In fact, for small business there's no justification for structuring industrial relations laws around the presumption of inequality of bargaining power. Here's the opportunity in Queensland. The vast majority of unincorporated businesses (sole traders and partnerships) in Queensland are small businesses. In bringing back these industrial relations powers Queensland has the opportunity to create an industrial relations system specifically for people working in small business.

In essence such as system should be modelled more along the lines of consumer affairs laws than existing industrial relations laws. Legislation should be simple, short and readable without the need for lawyers.

One basic set of wage rates and working conditions should be set giving everyone total clarity on the minimum that is payable. An enforcement body should strictly enforce minimums with fines for repeat offenders. Any workplace disputes should be handled without lawyers requiring the individual employer and employee to represent themselves in an informal, non-legalistic, simple tribunal setting.

Instead of unfair dismissal laws, there should be a fair dismissal code. Federal Labor promised this for small business in their 2007 election undertakings but they broke this promise. Queensland could apply such a code for people working in unincorporated businesses.

And Queensland could take its industrial relations arrangements into the reality of a 24/7 Queensland economy and society. This particularly applies in tourism and hospitality, where customers (you and me) want goods and services any time of the day we're on holidays. A Queensland small business industrial relations system could allow the 38-hour week to be arranged anytime within a 24/7 cycle. That is, a working week could be Sunday to Thursday for example. Possibly this suggestion could spark considerable debate.

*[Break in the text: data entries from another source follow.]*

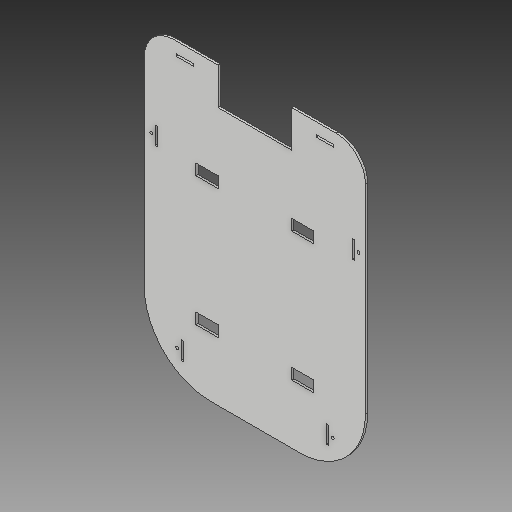
# Autodesk Inventor part: Top plate
Saved by Autodesk Inventor 2018 (Build 220112000, 112)
## iProperties
Created: 2018-05-03
Part Number: Top plate
Material: Generic
Document SubType Name: Modeling
Designer: Ajith Thomas
Density: 1 g/cm^3
Appearance: Default
Author: Ajith Thomas
Autodesk Inventor part; units mm, degrees
ref_plane "YZ Plane" through (0, 0, 0) normal (1, 0, 0) x (0, 1, 0)
ref_plane "XZ Plane" through (0, 0, 0) normal (0, 1, 0) x (-1, 0, 0)
ref_plane "XY Plane" through (0, 0, 0) normal (0, 0, 1) x (1, 0, 0)
sketch "Sketch1" plane through (0, 0, 0) normal (0, 0, 1) x (1, 0, 0)
  line L0 (0, 0) -> (0, 24) projected
  line L1 (3, 0) -> (0, 0) projected
  line L2 (3, 24) -> (3, 0) projected
  line L3 (0, 24) -> (3, 24) projected
  circle A0 centre (8.5, 12) radius 2 projected
  line L4 (-35, -235) -> (-35, -211) projected
  line L5 (-32, -235) -> (-35, -235) projected
  line L6 (-32, -211) -> (-32, -235) projected
  line L7 (-35, -211) -> (-32, -211) projected
  circle A1 centre (-26.5, -223) radius 2 projected
  line L8 (-232, -235) -> (-232, -211) projected
  line L9 (-229, -235) -> (-232, -235) projected
  line L10 (-229, -211) -> (-229, -235) projected
  line L11 (-232, -211) -> (-229, -211) projected
  circle A2 centre (-237.5, -223) radius 2 projected
  line L12 (-267, 0) -> (-267, 24) projected
  line L13 (-264, 0) -> (-267, 0) projected
  line L14 (-264, 24) -> (-264, 0) projected
  line L15 (-267, 24) -> (-264, 24) projected
  circle A3 centre (-272.5, 12) radius 2 projected
  line L16 (-215, 119) -> (-239, 119) projected
  line L17 (-215, 122) -> (-215, 119) projected
  line L18 (-239, 122) -> (-215, 122) projected
  line L19 (-239, 119) -> (-239, 122) projected
  line L20 (-25, 119) -> (-49, 119) projected
  line L21 (-25, 122) -> (-25, 119) projected
  line L22 (-49, 122) -> (-25, 122) projected
  line L23 (-49, 119) -> (-49, 122) projected
  line L24 (-22, 137) -> (-242, 137) projected
  arc A4 (18, 97) -> (-22, 137) centre (-22, 97) ccw projected
  line L25 (18, -173) -> (18, 97) projected
  arc A5 (-72, -263) -> (18, -173) centre (-72, -173) ccw projected
  line L26 (-192, -263) -> (-72, -263) projected
  arc A6 (-282, -173) -> (-192, -263) centre (-192, -173) ccw projected
  line L27 (-282, 97) -> (-282, -173) projected
  arc A7 (-242, 137) -> (-282, 97) centre (-242, 97) ccw projected
  line L28 (-132, 137) -> (-132, -263) construction
  line L29 (-132, 87) -> (-82, 87)
  line L30 (-82, 87) -> (-82, 137)
  line L31 (-132, 87) -> (-182, 87)
  line L32 (-182, 87) -> (-182, 137)
  line L33 (-82, 137) -> (-182, 137)
  dimension "d0" = 50
  dimension "d1" = 50
  constraints: 12 end point, 2 midpoint, 2 perpendicular, 2 point on line, 2 symmetric about line, 1 horizontal
  measures "d0" distance between parallel lines of L24 L29
  measures "d1" distance between parallel lines of L28 L30
extrude "Extrusion1" add sketch "Sketch1" against normal blind 3 contours A4 L25 A5 L26 A6 L27 A7 L24 L32 L31 L29 L30
sketch "Sketch2" plane through (0, 0, 0) normal (0, 0, 1) x (1, 0, 0)
  line L0 (-82, 87) -> (-182, 87) projected
  line L1 (-192, -263) -> (-72, -263) projected
  line L2 (18, -173) -> (18, 97) projected
  line L3 (-282, 97) -> (-282, -173) projected
  line L4 (-132, 87) -> (-132, -263) construction
  line L5 (-52, 7) -> (-82, 7)
  line L6 (-82, 7) -> (-82, -8)
  line L7 (-82, -8) -> (-52, -8)
  line L8 (-52, -8) -> (-52, 7)
  line L9 (-212, 7) -> (-182, 7)
  line L10 (-182, 7) -> (-182, -8)
  line L11 (-182, -8) -> (-212, -8)
  line L12 (-212, -8) -> (-212, 7)
  line L13 (-132, -88) -> (18, -88) construction
  line L14 (-52, -183) -> (-82, -183)
  line L15 (-82, -183) -> (-82, -168)
  line L16 (-82, -168) -> (-52, -168)
  line L17 (-52, -168) -> (-52, -183)
  line L18 (-182, -168) -> (-212, -168)
  line L19 (-182, -183) -> (-182, -168)
  line L20 (-212, -183) -> (-182, -183)
  line L21 (-212, -168) -> (-212, -183)
  point P0 (0, 0)
  dimension "d4" = 30
  dimension "d5" = 15
  dimension "d6" = 50
  dimension "d7" = 80
  constraints: 36 end point, 12 symmetric about line, 3 midpoint, 2 horizontal, 2 parallel, 1 perpendicular, 1 point on line
  measures "d4" distance of L7.end L6.end
  measures "d5" distance of L6.end L5.end
  measures "d6" distance between parallel lines of L4 L6
  measures "d7" distance between parallel lines of L0 L5
extrude "Extrusion2" cut sketch "Sketch2" against normal blind 3
body "Solid1"

But debate is what Queensland's issues paper is intended to cause. Everyone working in small business deserves a much better industrial relations system than that operating under the Fair Work Act.

The Newman government in Queensland has the ability to bring back its industrial relations powers for unincorporated businesses. It should do this. But it should at the same time create a specific Queensland system designed to encourage small business growth. Achieve this, and Queensland jobs will expand.

Ken Phillips is executive director of Independent Contractors Australia and author of Independence and the Death of Employment.